# Supersix or Synapse (carbon 3)



## BenH (Dec 28, 2001)

OK, may sound a little like apples and oranges but I'm considering these two bikes. I'd like the nicest road bike I can get. I'm less worried about road vibration than about shock from potholes and general road crud. I'd love a bike to have a little forgiveness and each model year, more and more race bikes promise just that. Cannondale seems to be climbing in reputation and has the more upright Synapse (probably even more upright than I need) which they at least promise road vibration forgiveness and the Supersix which is supposed to be forgiving on long rides as well. I don't really need the longer wheelbase of the Synapse but I won't be too picky. Has anyone ridden both ? 

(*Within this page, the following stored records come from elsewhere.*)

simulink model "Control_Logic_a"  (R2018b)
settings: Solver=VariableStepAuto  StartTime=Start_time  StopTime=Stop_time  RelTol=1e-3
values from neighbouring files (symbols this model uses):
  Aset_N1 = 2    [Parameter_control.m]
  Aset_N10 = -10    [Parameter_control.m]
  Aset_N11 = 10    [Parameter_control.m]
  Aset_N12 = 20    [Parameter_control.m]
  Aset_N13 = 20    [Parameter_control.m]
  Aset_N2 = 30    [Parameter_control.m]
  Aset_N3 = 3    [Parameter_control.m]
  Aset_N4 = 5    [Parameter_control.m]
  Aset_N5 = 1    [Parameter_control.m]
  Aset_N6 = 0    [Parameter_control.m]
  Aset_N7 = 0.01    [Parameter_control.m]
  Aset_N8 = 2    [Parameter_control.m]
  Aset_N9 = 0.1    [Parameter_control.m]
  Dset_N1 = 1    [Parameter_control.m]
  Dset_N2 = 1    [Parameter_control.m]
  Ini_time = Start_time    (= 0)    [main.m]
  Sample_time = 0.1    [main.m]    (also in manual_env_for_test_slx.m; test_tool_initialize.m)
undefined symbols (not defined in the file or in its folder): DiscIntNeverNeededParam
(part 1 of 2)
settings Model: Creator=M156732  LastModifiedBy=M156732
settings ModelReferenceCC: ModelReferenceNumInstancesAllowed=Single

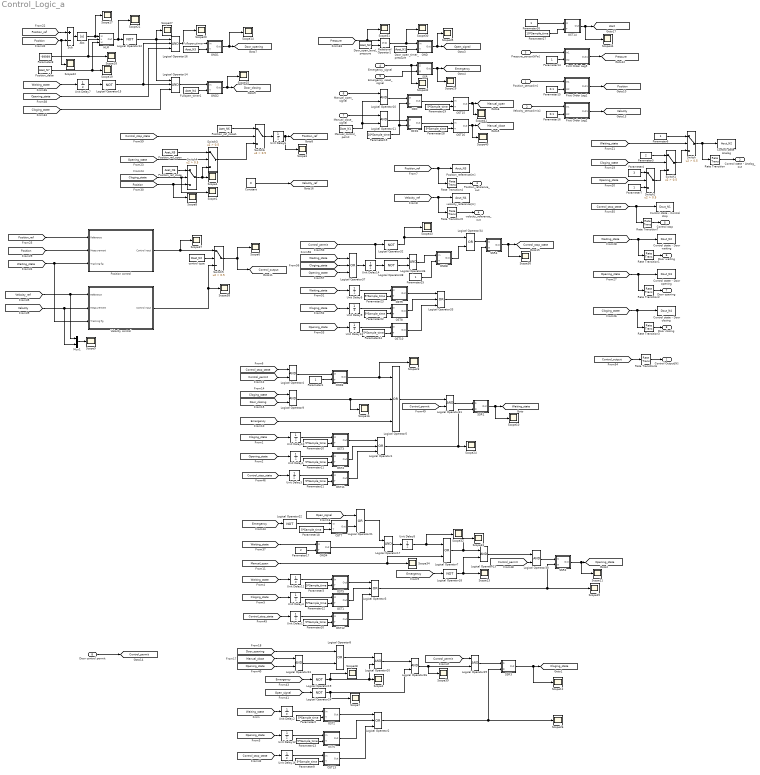
== system Control_Logic_a ==
  Position_sensor[m] : Inport  OutDataTypeStr=double  Unit=mm  SampleTime=Sample_time
  Velocity_sensor[m/s] : Inport  Port=2  OutDataTypeStr=double  Unit=mm  SampleTime=Sample_time
  Pressure_sensor[kPa] : Inport  Port=3  OutDataTypeStr=double  Unit=kPa  SampleTime=Sample_time
  Emergency_signal : Inport  Port=4  OutDataTypeStr=boolean  SampleTime=Sample_time
  Emergency_reset_signal : Inport  Port=5  OutDataTypeStr=boolean  SampleTime=Sample_time
  Manual_open_signal : Inport  Port=6  OutDataTypeStr=boolean  SampleTime=Sample_time
  Manual_close_signal : Inport  Port=7  OutDataTypeStr=boolean  SampleTime=Sample_time
  Door control permit : Inport  Port=8  OutDataTypeStr=boolean  SampleTime=Sample_time
  Abs : Abs
  Constant : Constant  Value=0
  Control state - Analog : ToWorkspace  VariableName=Aout_N2  SampleTime=Sample_time
  Control state - Control stop : ToWorkspace  VariableName=Dout_N1  SampleTime=Sample_time
  Control state - Door closing : ToWorkspace  VariableName=Dout_N4  SampleTime=Sample_time
  Control state - Door opening : ToWorkspace  VariableName=Dout_N3  SampleTime=Sample_time
  Control state - Door waiting : ToWorkspace  VariableName=Dout_N2  SampleTime=Sample_time
  Door_open_level_pressure : Constant  Value=Aset_N2  OutDataTypeStr=double  SampleTime=Sample_time
  Door_open_timer_pressure : Constant  Value=Aset_N1  OutDataTypeStr=double  SampleTime=Sample_time
  First Order Lag1 : Subsystem
  First Order Lag2 : Subsystem
  First Order Lag5 : Subsystem
  Fullopen_timer : Constant  Value=Aset_N3  OutDataTypeStr=double  SampleTime=Sample_time
  Fullopen_timer1 : Constant  Value=Aset_N4  OutDataTypeStr=double  SampleTime=Sample_time
  HLM : Subsystem
  Logical Operator{1..3,5,33,37} (6 alike) : Logic  Operator=OR  Inputs=3  AllPortsSameDT=off  OutDataTypeStr=boolean
  Logical Operator{4,9..11,13,17,20,23,26,29..31,36} (13 alike) : Logic  AllPortsSameDT=off  OutDataTypeStr=boolean
  Logical Operator{12,15,18..19,22,24,32,38} (8 alike) : Logic  Operator=NOT  AllPortsSameDT=off  OutDataTypeStr=boolean
  Logical Operator14 : Logic  Inputs=3  AllPortsSameDT=off  OutDataTypeStr=boolean
  Logical Operator16 : Logic  Inputs=3  AllPortsSameDT=off  OutDataTypeStr=boolean
  Logical Operator{7..8,21,34} (4 alike) : Logic  Operator=OR  AllPortsSameDT=off  OutDataTypeStr=boolean
  Manual_control_pemit : Constant  Value=Dset_N1  OutDataTypeStr=double  SampleTime=Sample_time
  Mux1 : Mux  Inputs=2
  OFD : Subsystem
  OFD1 : Subsystem
  OND : Subsystem
  OND1 : Subsystem
  OND2 : Subsystem
  OND3 : Subsystem
  OND4 : Subsystem
  OND8 : Subsystem
  OST1 : Subsystem
  OST10 : Subsystem
  OST11 : Subsystem
  OST12 : Subsystem
  OST13 : Subsystem
  OST14 : Subsystem
  OST15 : Subsystem
  OST16 : Subsystem
  OST2 : Subsystem
  OST3 : Subsystem
  OST4 : Subsystem
  OST5 : Subsystem
  OST6 : Subsystem
  OST7 : Subsystem
  OST8 : Subsystem
  OST9 : Subsystem
  Parameter{1,6..7,25} (4 alike) : Constant  OutDataTypeStr=int32  SampleTime=Sample_time
  Parameter{2..3,9..13,18,20..24,28..29} (15 alike) : Constant  Value=5*Sample_time  OutDataTypeStr=double  SampleTime=Sample_time
  Parameter14 : Constant  OutDataTypeStr=double  SampleTime=Sample_time
  Parameter15 : Constant  Value=0.1  OutDataTypeStr=double  SampleTime=Sample_time
  Parameter16 : Constant  Value=0.1  OutDataTypeStr=double  SampleTime=Sample_time
  Parameter17 : Constant  Value=2  OutDataTypeStr=int32  SampleTime=Sample_time
  Parameter19 : Constant  Value=10*Sample_time  OutDataTypeStr=double  SampleTime=Sample_time
  Parameter26 : Constant  OutDataTypeStr=boolean  SampleTime=Sample_time
  Parameter27 : Constant  Value=10*Sample_time  OutDataTypeStr=double  SampleTime=Sample_time
  Parameter4 : Constant  Value=3  OutDataTypeStr=int32  SampleTime=Sample_time
  Parameter5 : Constant  Value=2  OutDataTypeStr=int32  SampleTime=Sample_time
  Parameter8 : Constant  Value=-99999  OutDataTypeStr=double  SampleTime=Sample_time
  Position control : Subsystem
  Position_delta : Constant  Value=Aset_N7  OutDataTypeStr=double  SampleTime=Sample_time
  Position_ref_close : Constant  Value=Aset_N6  OutDataTypeStr=double  SampleTime=Sample_time
  Position_ref_close1 : Constant  Value=Aset_N6  OutDataTypeStr=double  SampleTime=Sample_time
  Position_ref_open : Constant  Value=Aset_N5  OutDataTypeStr=double  SampleTime=Sample_time
  Position_reference[m] : ToWorkspace  VariableName=Aout_N3  SampleTime=Sample_time
  Rate Transition{,1..7} (8 alike) : RateTransition  OutPortSampleTime=Sample_time
  Relational Operator1 : RelationalOperator  OutDataTypeStr=boolean  RndMeth=Nearest
  SSR : Subsystem
  SSR1 : Subsystem
  SSR2 : Subsystem
  SSR3 : Subsystem
  SSR4 : Subsystem
  Scope{1..4,6..44} (43 alike) : Scope
  Sub : Sum  Inputs=+-  OutDataTypeStr=double
  Switch : Switch  Criteria=u2 > Threshold  Threshold=0.5  OutDataTypeStr=int32
  Switch1 : Switch  Criteria=u2 > Threshold  Threshold=0.5  OutDataTypeStr=int32
  Switch2 : Switch  Criteria=u2 > Threshold  Threshold=0.5  OutDataTypeStr=int32
  Switch{3..6} (4 alike) : Switch  Criteria=u2 > Threshold  Threshold=0.5  OutDataTypeStr=double
  Unit Delay{1..13,15..16} (15 alike) : UnitDelay  SampleTime=Sample_time
  Unit Delay14 : UnitDelay  InitialCondition=1  SampleTime=Sample_time
  Velocity control : Subsystem
  control type : Constant  Value=Dset_N2  OutDataTypeStr=double  SampleTime=Sample_time
  velocity_reference[m] : ToWorkspace  VariableName=Aout_N4  SampleTime=Sample_time
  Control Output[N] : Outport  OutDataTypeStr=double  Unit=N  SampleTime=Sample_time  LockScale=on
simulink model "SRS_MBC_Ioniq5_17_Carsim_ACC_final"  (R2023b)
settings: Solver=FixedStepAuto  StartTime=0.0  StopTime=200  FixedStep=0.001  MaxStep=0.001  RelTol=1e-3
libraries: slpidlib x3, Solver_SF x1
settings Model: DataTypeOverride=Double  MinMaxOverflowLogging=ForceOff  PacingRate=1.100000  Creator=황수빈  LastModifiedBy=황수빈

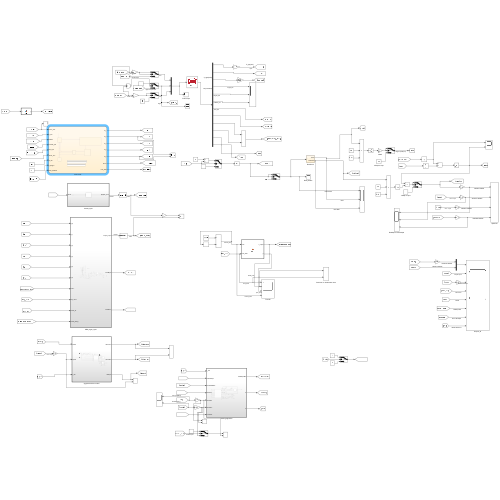
[thumbnail: Simulink's stored preview of the top-level diagram]
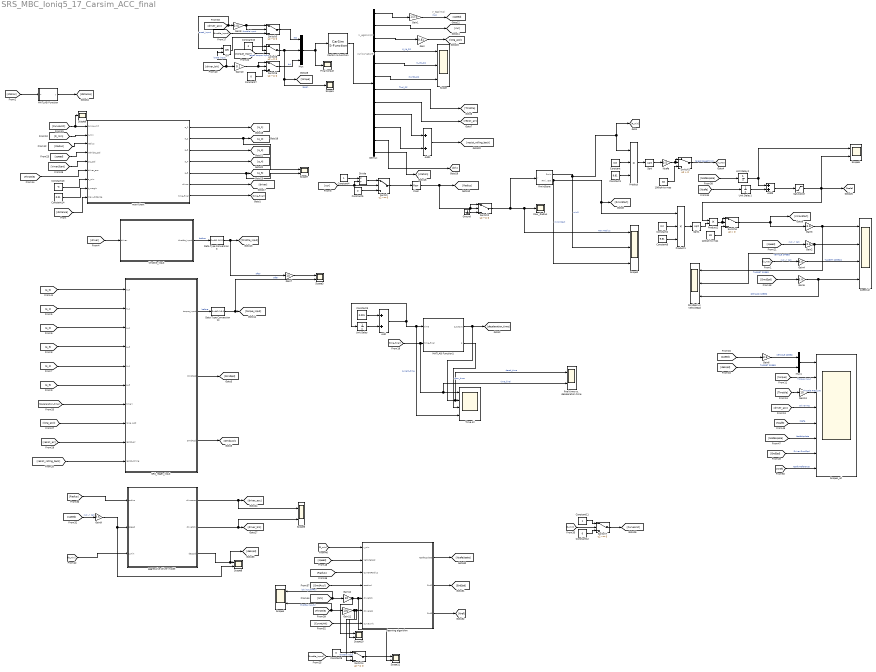
== system SRS_MBC_Ioniq5_17_Carsim_ACC_final ==
  note: V_ego(km/h)
  note: V_ego(m/s)
  note: cur(curvature)
  100kph to mps : Constant  Value=33
  120kph to mps : Constant  Value=33
  Add : Sum
  Add1 : Sum
  Add3 : Sum
  CarSim S-Function : Solver_SF/CarSim S-Function  Priority=1  SIMFILE=simfile.sim  Run_RTs=off  vs_state_ind=Run  StopMode_ind=Vehicle Model
  Constant : Constant  Value=0.8
  Constant1 : Constant  Value=9.81
  Constant{5,7..8,10,12} (5 alike) : Constant  Value=0
  Constant11 : Constant
  Constant13 : Constant  Value=-3
  Constant14 : Constant  Value=0.01
  Constant2 : Constant  Value=0.2
  Constant3 : Constant  Value=0.001
  Constant4 : Constant
  Constant6 : Constant  Value=9.81
  Data Type Conversion14 : DataTypeConversion  OutDataTypeStr=fixdt(1,16,0)  RndMeth=Nearest  SaturateOnIntegerOverflow=off
  Data Type Conversion3 : DataTypeConversion  OutDataTypeStr=fixdt(1,16,0)  RndMeth=Nearest  SaturateOnIntegerOverflow=off
  Demux : Demux  Outputs=12
  Divide : Product  Inputs=*/
  DmdSpd vs VehicleSpd : Scope  NumInputPorts=3
  Final torque : Scope
  Floor : Rounding
  Gain : Gain  Gain=9.81
  Gain1 : Gain  Gain=1/3.6
  Gain10 : Gain  Gain=0.1
  Gain11 : Gain  Gain=100
  Gain12 : Gain  Gain=10
  Gain13 : Gain  Gain=10
  Gain{2..6,9} (6 alike) : Gain  Gain=3.6
  Gain7 : Gain  Gain=10
  Gain8 : Gain  Gain=0.01
  Ground : Ground
  MATLAB Function : MATLAB Function  TreatAsAtomicUnit=on
  MATLAB Function1 : MATLAB Function  TreatAsAtomicUnit=on
  Mux : Mux  Inputs=3
  Mux1 : Mux  Inputs=2
  Nsafe : Gain  Gain=0.5
  OR : Logic  Operator=OR  IconShape=distinctive  AllPortsSameDT=off  OutDataTypeStr=boolean
  Product : Product  Inputs=3
  Product1 : Product  Inputs=3
  Product2 : Product
  Raw_Radius : Scope
  RminStore : Stateflow chart  TreatAsAtomicUnit=on
  SRS_regen_input : Subsystem  TreatAsAtomicUnit=on
  Saturation : Saturate  UpperLimit=1.2  LowerLimit=0.8
  Scope : Scope  NumInputPorts=3
  Scope1 : Scope
  Scope{3..8,10..11} (8 alike) : Scope  NumInputPorts=2
  Scope2 : Scope  NumInputPorts=3
  Scope9 : Scope
  Scopes_all : Scope  NumInputPorts=8
  Sqrt : Sqrt
  Sqrt1 : Sqrt
  Switch{,2,4..8} (7 alike) : Switch  Criteria=u2 ~= 0  SaturateOnIntegerOverflow=off  InputSameDT=off
  Switch1 : Switch  Criteria=u2 > Threshold  SaturateOnIntegerOverflow=off  InputSameDT=off
  Switch3 : Switch  Criteria=u2 > Threshold  SaturateOnIntegerOverflow=off  InputSameDT=off
  Time All : Scope  NumInputPorts=4
  Unit Delay : UnitDelay  SampleTime=-1  HasFrameUpgradeWarning=on
  Unit Delay1 : UnitDelay  InitialCondition=1  SampleTime=-1  HasFrameUpgradeWarning=on
  Unit Delay2 : UnitDelay  SampleTime=-1  HasFrameUpgradeWarning=on
  aggressive driver model : Subsystem  TreatAsAtomicUnit=on
  final time vs. deceleration time : Scope  NumInputPorts=2
  learning algorithm : Subsystem  TreatAsAtomicUnit=on
  main chart : Stateflow chart  TreatAsAtomicUnit=on
  speed all : Scope  NumInputPorts=4
  throttle_input : Subsystem  TreatAsAtomicUnit=on  SystemSampleTime=0.01
  wires:
  Switch/1 -> Floor/1
  [cur] -> Switch/2, Divide/2
  Constant5/1 -> Switch/3
  Constant4/1 -> Divide/1
  Divide/1 -> Switch/1
  Demux/1 -> Gain1/1
  Demux/2 -> [cur]
  Gain1/1 -> [speed]  "mps"
  CarSim S-Function/1 -> Demux/1
  [driver] -> throttle_input/1(driver)
  Data Type Conversion3/1 -> Gain7/1, [throttle_input]  "after"
  throttle_input/1(throttle_input) -> Data Type Conversion3/1  "before"
  SRS_regen_input/1(torque_input) -> Data Type Conversion14/1  "before"
  [a_2] -> SRS_regen_input/3(a_2)
  Data Type Conversion14/1 -> Scope3/2, [torque_input]  "after"
  [a_0] -> SRS_regen_input/1(a_0)
  [a_3] -> SRS_regen_input/4(a_3)
  [a_5] -> SRS_regen_input/6(a_5)
  Demux/3 -> Gain/1
  [a_1] -> SRS_regen_input/2(a_1)
  [a_4] -> SRS_regen_input/5(a_4)
  [speed] -> main chart/4(vehicle_spd)
  [VmaxStart] -> main chart/5(srs_spd)
  main chart/2(a_2) -> Scope7/1, [a_2]
  main chart/3(a_3) -> [a_3]
  main chart/4(a_4) -> [a_4]
  main chart/1(a_1) -> [a_1]
  main chart/5(a_5) -> Scope7/2, [a_5]
  main chart/6(driver) -> [driver]
  [V_max] -> Gain4/1  "m/s -> kph"
  [R_min] -> main chart/2(r_min)
  main chart/7(time_final) -> [time_final]
  Add/1 -> Unit Delay/1, Time All/4, MATLAB Function1/1(time)  "current_time"
  Gain2/1 -> DmdSpd vs VehicleSpd/2, speed all/2  "VEHICLE SPEED"
  [speed] -> Gain2/1  "m/s -> kph"
  [time_final] -> final time vs. deceleration time/2, Time All/1, MATLAB Function1/2(time_final)  "time_final"
  [Radius] -> main chart/3(radius)
  Mux/1 -> Final torque/1, CarSim S-Function/1
  Constant3/1 -> Add/1
  Unit Delay/1 -> Add/2
  MATLAB Function1/1(t_output) -> final time vs. deceleration time/1, Time All/2, [deceleration_time]  "decel_time"
  Constant1/1 -> Product/3
  100kph to mps/1 -> Switch1/3
  Product/1 -> Sqrt/1
  Constant/1 -> Product/2
  Sqrt/1 -> Nsafe/1
  Nsafe/1 -> Switch1/1, Switch1/2
  Switch2/1 -> Scope2/1, Raw_Radius/1, RminStore/1(r)  "Raw Radius"
  Switch1/1 -> [V_max]  "target speed(m/s)"
  Floor/1 -> Switch2/1, Switch2/2, [Radius]
  Ground/1 -> Switch2/3
  MATLAB Function1/2(p) -> Time All/3  "prev_time"
  [deceleration_time] -> SRS_regen_input/7(time t)
  [long_accl] -> SRS_regen_input/8(long. accl)
  Product2/1 -> Switch3/1, Switch3/2
  120kph to mps/1 -> Switch3/3
  Constant6/1 -> Product1/3
  Sqrt1/1 -> Product2/2
  Constant2/1 -> Product1/2
  Product1/1 -> Sqrt1/1
  RminStore/1(Rmin) -> Product/1, [R_min], Scope2/2  "minR"
  Switch3/1 -> Gain3/1, [VmaxStart]
  Gain3/1 -> DmdSpd vs VehicleSpd/1, speed all/1  "TARGET SPEED"
  SRS_regen_input/2(DmdSpd) -> [DmdSpd]
  [DmdSpd] -> Gain5/1
  Gain5/1 -> DmdSpd vs VehicleSpd/3, speed all/4  "DEMAND SPEED"
  Gain4/1 -> speed all/3  "TARGET SPEED2"
  RminStore/2(RminStart) -> Scope2/3, [RminStart], Product1/1  "minR Start"
  Demux/4 -> Scope/1  "M_Mt_D2"
  Demux/5 -> Scope/2  "M_Mtr_D2"
  Demux/6 -> Scope/3  "PwMtC_D2"
  Demux/7 -> [Throttle]  "Thrtl_SC"
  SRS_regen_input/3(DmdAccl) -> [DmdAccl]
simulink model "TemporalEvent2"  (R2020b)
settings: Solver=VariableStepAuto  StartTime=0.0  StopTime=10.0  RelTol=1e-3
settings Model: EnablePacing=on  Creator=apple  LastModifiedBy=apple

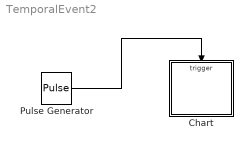
== system TemporalEvent2 ==
  Chart : Stateflow chart  TreatAsAtomicUnit=on
  Pulse Generator : DiscretePulseGenerator  PulseType=Time based  PulseWidth=50
  wires:
  Pulse Generator/1 -> Chart/Trigger

== stateflow chart TemporalEvent2/Chart ==
  state A
    en:fprintf("Entry A");
    du:fprintf("During A");
    ex:fprintf("Exit A");
    state A1
      en:fprintf("Entry A1");
      ex:fprintf("Exit A1");
    (default) -> A1
  state B
    en:fprintf("Entry B");
    du:fprintf("During B");
    ex:fprintf("Exit B");
  (default) -> A
  A -> B : after(3,E)
  (junction 5) -> A1
  A1 -> (junction 5)
  events: E input EITHER_EDGE_EVENT

I've looked at the Roubaix and still am considering it but they have very long cockpits which doesn't suit my long legs well. I could probably make it work. The Scott CR1 Pro also sounds good on paper and promises big hit relief. The Adict I rode certainly had very little in the way of relief.


----------



## kbg (Jun 23, 2009)

I have test ridden both. The supersix felt quite stiff but "damp" - in other words it sucked up vibration surprisingly well. The synapse didn't particularly feel "softer", just maybe a bit less directly connected to the road. And a bit less punchy out of the saddle.

But if I were you I would be thinking about fit first - the head tube on the synapse is 2 cm taller, so depending on your body proportions it may be hard to achieve the same position on both bikes.


----------



## wegi (Mar 11, 2010)

I'd recommend to choose the bike, which has the best geometry for you. Almost all of the 'damping capacity' (forgive me, I'm not a native speaker) comes from the wheels and to a lesser degree from the seat post and fork. It's a huge difference if you ride high profile carbon rims with something like 21mm Tufos inflated to 11 bars or if you ride voluminous tires inflated to 7 bars on low profile rims. I rode the first setup for a while (Tufo S3Lite & Reynolds DV46) on a Supersix and it was really no fun to hit a bigger potholes. With different wheels the same bike the ride is much smoother (even with different tires....) The frame itself really does not make that much of a difference in my oppinion.

Happy Eastern,
Markus


----------



## BenH (Dec 28, 2001)

Thanks Markus, I get the tire/wheel thing. I'll definitely have to go sit on a few in the shop. I've ridden long enough I can usually guess the fit by looking at the dimensions. I have an idealistic image of frames with some "give" in the rear triangle. Maybe it's more hype than reality. Several years ago, I rode a Trek "Y" bike which I believe got banned from UCI. It looked strange but had no seat tube and was truly forgiving in back.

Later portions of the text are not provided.